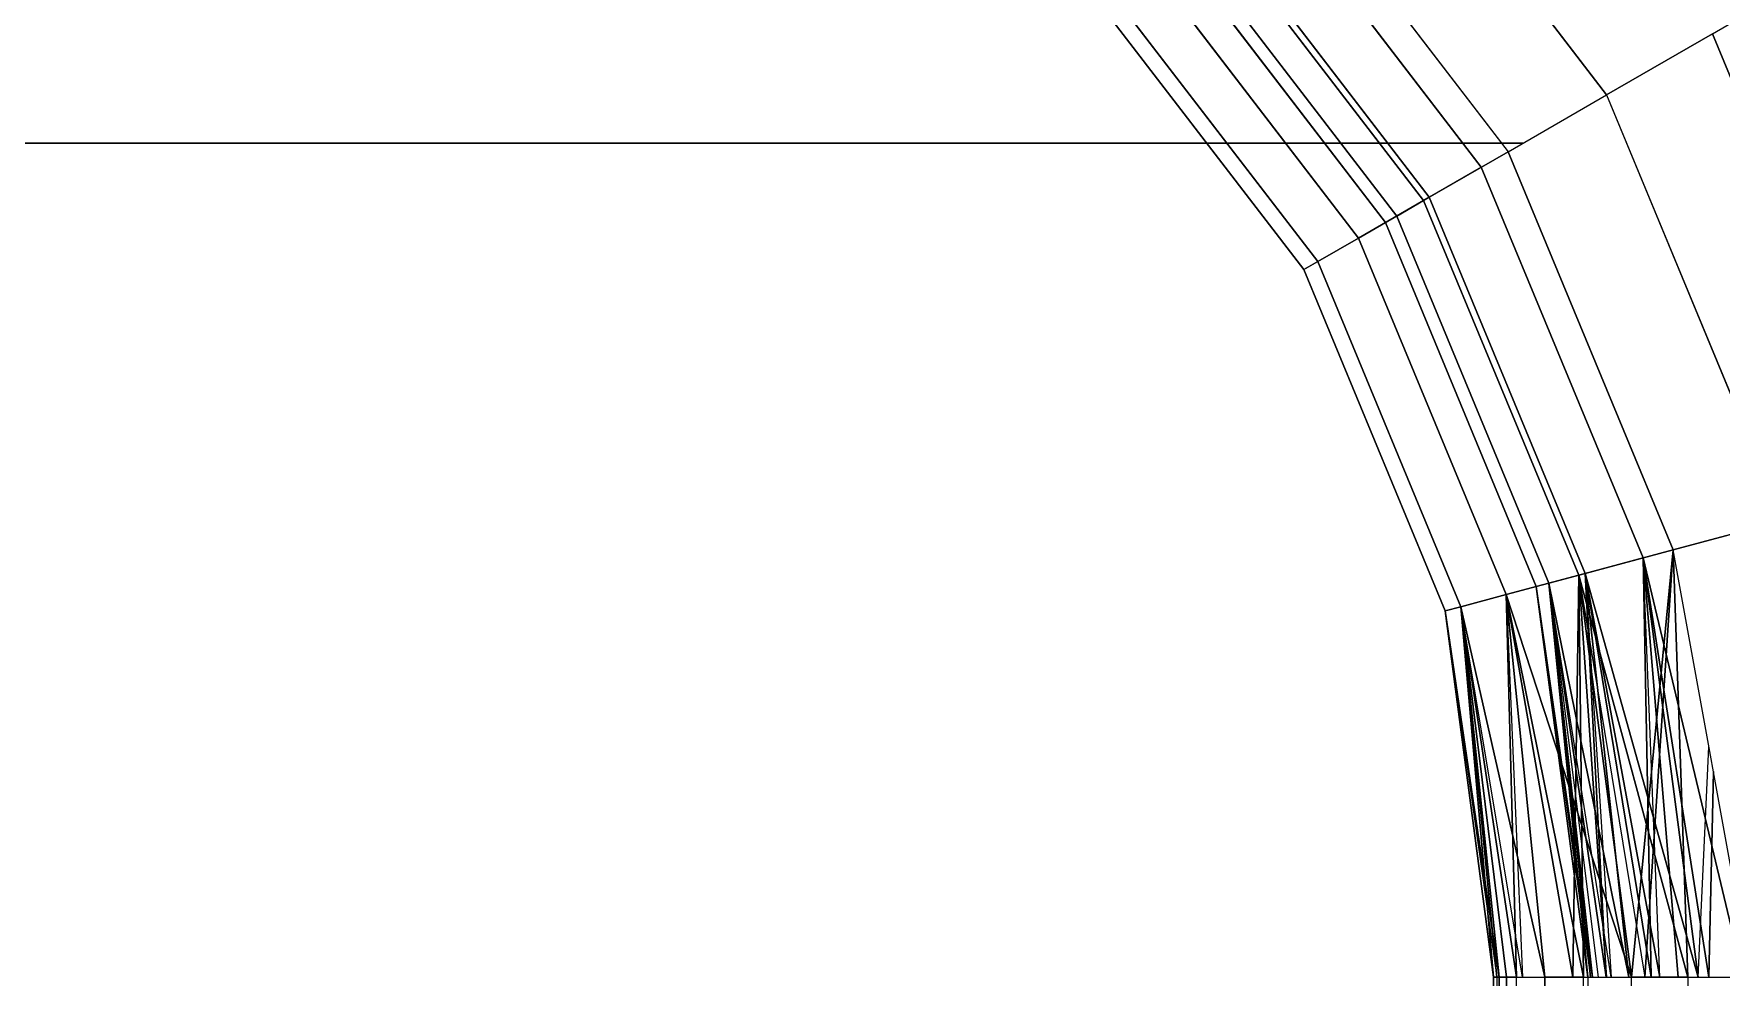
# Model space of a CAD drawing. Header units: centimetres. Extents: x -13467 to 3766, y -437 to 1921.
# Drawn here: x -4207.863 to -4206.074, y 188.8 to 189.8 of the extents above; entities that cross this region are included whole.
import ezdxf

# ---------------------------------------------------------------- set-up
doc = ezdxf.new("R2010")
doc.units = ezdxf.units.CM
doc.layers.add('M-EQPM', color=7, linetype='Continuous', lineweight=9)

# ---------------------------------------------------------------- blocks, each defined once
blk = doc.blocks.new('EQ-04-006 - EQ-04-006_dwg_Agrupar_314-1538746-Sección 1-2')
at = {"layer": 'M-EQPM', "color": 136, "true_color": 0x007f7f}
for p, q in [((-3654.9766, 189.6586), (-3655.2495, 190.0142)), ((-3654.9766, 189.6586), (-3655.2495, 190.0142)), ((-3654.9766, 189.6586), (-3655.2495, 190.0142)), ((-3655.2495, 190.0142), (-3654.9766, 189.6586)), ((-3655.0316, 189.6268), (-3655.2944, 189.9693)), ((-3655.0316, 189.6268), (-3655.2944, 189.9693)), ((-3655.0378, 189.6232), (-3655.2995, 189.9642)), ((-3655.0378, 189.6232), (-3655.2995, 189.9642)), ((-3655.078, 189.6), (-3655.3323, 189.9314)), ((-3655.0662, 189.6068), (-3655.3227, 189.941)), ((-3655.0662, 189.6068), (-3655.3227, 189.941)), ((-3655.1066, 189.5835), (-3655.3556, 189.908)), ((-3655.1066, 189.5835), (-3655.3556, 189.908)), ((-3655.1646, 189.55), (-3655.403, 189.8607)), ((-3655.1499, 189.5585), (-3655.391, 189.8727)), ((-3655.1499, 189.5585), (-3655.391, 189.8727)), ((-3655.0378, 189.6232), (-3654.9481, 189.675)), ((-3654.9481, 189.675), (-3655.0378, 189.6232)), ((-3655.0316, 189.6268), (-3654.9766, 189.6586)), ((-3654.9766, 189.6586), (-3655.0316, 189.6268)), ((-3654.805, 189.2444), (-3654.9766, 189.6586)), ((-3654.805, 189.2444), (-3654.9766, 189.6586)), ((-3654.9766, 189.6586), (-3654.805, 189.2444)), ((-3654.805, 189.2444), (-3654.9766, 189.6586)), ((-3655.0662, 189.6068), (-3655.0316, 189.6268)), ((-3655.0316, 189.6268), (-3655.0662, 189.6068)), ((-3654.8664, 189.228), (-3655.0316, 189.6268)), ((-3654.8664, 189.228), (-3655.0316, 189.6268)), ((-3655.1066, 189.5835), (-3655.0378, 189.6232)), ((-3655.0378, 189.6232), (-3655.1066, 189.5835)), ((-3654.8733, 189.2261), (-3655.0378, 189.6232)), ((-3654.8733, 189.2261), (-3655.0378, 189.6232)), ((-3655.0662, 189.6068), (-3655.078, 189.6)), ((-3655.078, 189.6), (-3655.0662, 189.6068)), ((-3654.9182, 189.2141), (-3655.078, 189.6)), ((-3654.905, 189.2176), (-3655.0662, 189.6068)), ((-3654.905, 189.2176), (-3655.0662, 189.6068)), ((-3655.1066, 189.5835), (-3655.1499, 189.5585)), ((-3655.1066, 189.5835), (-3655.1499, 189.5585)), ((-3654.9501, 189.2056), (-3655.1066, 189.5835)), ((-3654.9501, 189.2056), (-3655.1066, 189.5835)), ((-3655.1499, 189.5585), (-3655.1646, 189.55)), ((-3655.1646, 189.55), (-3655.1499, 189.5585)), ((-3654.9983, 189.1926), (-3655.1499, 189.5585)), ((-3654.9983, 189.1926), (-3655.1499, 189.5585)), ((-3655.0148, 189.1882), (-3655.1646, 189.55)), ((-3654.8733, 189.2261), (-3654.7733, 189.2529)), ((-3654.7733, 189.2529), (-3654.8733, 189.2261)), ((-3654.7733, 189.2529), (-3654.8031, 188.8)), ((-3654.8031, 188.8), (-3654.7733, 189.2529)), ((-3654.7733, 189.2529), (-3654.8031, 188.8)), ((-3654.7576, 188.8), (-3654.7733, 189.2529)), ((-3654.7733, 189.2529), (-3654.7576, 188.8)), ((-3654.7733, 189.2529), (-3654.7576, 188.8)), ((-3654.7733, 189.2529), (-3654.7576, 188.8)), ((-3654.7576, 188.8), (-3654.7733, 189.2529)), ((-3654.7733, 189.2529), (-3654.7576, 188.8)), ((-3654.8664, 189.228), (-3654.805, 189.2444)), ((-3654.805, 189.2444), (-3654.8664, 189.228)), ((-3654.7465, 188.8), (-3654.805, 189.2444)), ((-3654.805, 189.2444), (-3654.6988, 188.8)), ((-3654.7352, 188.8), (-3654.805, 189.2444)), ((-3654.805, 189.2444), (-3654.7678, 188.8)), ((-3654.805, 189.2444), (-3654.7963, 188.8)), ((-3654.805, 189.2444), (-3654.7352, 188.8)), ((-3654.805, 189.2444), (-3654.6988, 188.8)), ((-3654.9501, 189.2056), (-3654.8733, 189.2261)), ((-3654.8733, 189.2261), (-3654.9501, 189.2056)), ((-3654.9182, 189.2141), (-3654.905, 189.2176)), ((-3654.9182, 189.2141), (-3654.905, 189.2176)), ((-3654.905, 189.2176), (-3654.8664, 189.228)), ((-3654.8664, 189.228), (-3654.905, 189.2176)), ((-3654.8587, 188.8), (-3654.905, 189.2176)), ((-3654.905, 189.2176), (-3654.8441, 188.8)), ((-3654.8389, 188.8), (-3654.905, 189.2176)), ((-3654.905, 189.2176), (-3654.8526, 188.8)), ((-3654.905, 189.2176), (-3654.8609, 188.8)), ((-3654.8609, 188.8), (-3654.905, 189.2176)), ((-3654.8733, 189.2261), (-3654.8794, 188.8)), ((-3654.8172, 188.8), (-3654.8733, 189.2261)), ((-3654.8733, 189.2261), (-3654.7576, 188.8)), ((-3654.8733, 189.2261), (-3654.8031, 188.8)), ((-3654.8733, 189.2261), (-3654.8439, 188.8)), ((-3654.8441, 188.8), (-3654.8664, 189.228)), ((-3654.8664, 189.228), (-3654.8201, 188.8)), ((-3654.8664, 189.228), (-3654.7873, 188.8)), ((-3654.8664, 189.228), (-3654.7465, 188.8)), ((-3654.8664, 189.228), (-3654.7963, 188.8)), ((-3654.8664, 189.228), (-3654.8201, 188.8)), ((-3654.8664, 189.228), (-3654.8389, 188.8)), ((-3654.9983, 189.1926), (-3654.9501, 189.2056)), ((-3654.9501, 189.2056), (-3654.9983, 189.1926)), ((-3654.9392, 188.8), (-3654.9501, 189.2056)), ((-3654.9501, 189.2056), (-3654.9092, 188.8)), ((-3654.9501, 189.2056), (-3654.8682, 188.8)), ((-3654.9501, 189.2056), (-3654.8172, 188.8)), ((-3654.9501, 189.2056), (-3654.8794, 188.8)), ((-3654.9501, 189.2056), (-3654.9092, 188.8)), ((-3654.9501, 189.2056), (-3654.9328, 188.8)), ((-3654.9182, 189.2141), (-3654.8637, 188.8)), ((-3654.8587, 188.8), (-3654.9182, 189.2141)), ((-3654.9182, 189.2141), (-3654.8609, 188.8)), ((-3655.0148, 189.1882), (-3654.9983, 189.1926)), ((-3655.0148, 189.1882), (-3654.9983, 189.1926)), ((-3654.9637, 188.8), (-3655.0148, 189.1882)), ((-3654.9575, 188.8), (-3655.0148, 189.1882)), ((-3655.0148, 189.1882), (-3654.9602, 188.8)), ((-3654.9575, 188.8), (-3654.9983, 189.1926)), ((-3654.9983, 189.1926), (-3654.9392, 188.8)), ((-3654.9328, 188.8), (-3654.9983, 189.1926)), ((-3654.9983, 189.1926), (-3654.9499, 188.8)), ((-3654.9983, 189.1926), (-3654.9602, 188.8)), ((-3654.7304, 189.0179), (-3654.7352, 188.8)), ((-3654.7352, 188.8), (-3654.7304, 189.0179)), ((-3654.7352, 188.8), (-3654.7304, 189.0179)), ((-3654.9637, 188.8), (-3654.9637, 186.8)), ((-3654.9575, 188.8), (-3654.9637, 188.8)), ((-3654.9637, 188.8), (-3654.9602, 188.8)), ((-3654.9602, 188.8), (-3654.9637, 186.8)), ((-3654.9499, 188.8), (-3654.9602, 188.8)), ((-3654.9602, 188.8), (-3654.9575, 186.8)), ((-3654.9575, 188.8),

AIM OF THE EXERCISE:
Find the word "ezdxf" in the entries and show each line where it is found.

THE COMPLETED TASK:
import ezdxf
doc = ezdxf.new("R2010")
doc.units = ezdxf.units.CM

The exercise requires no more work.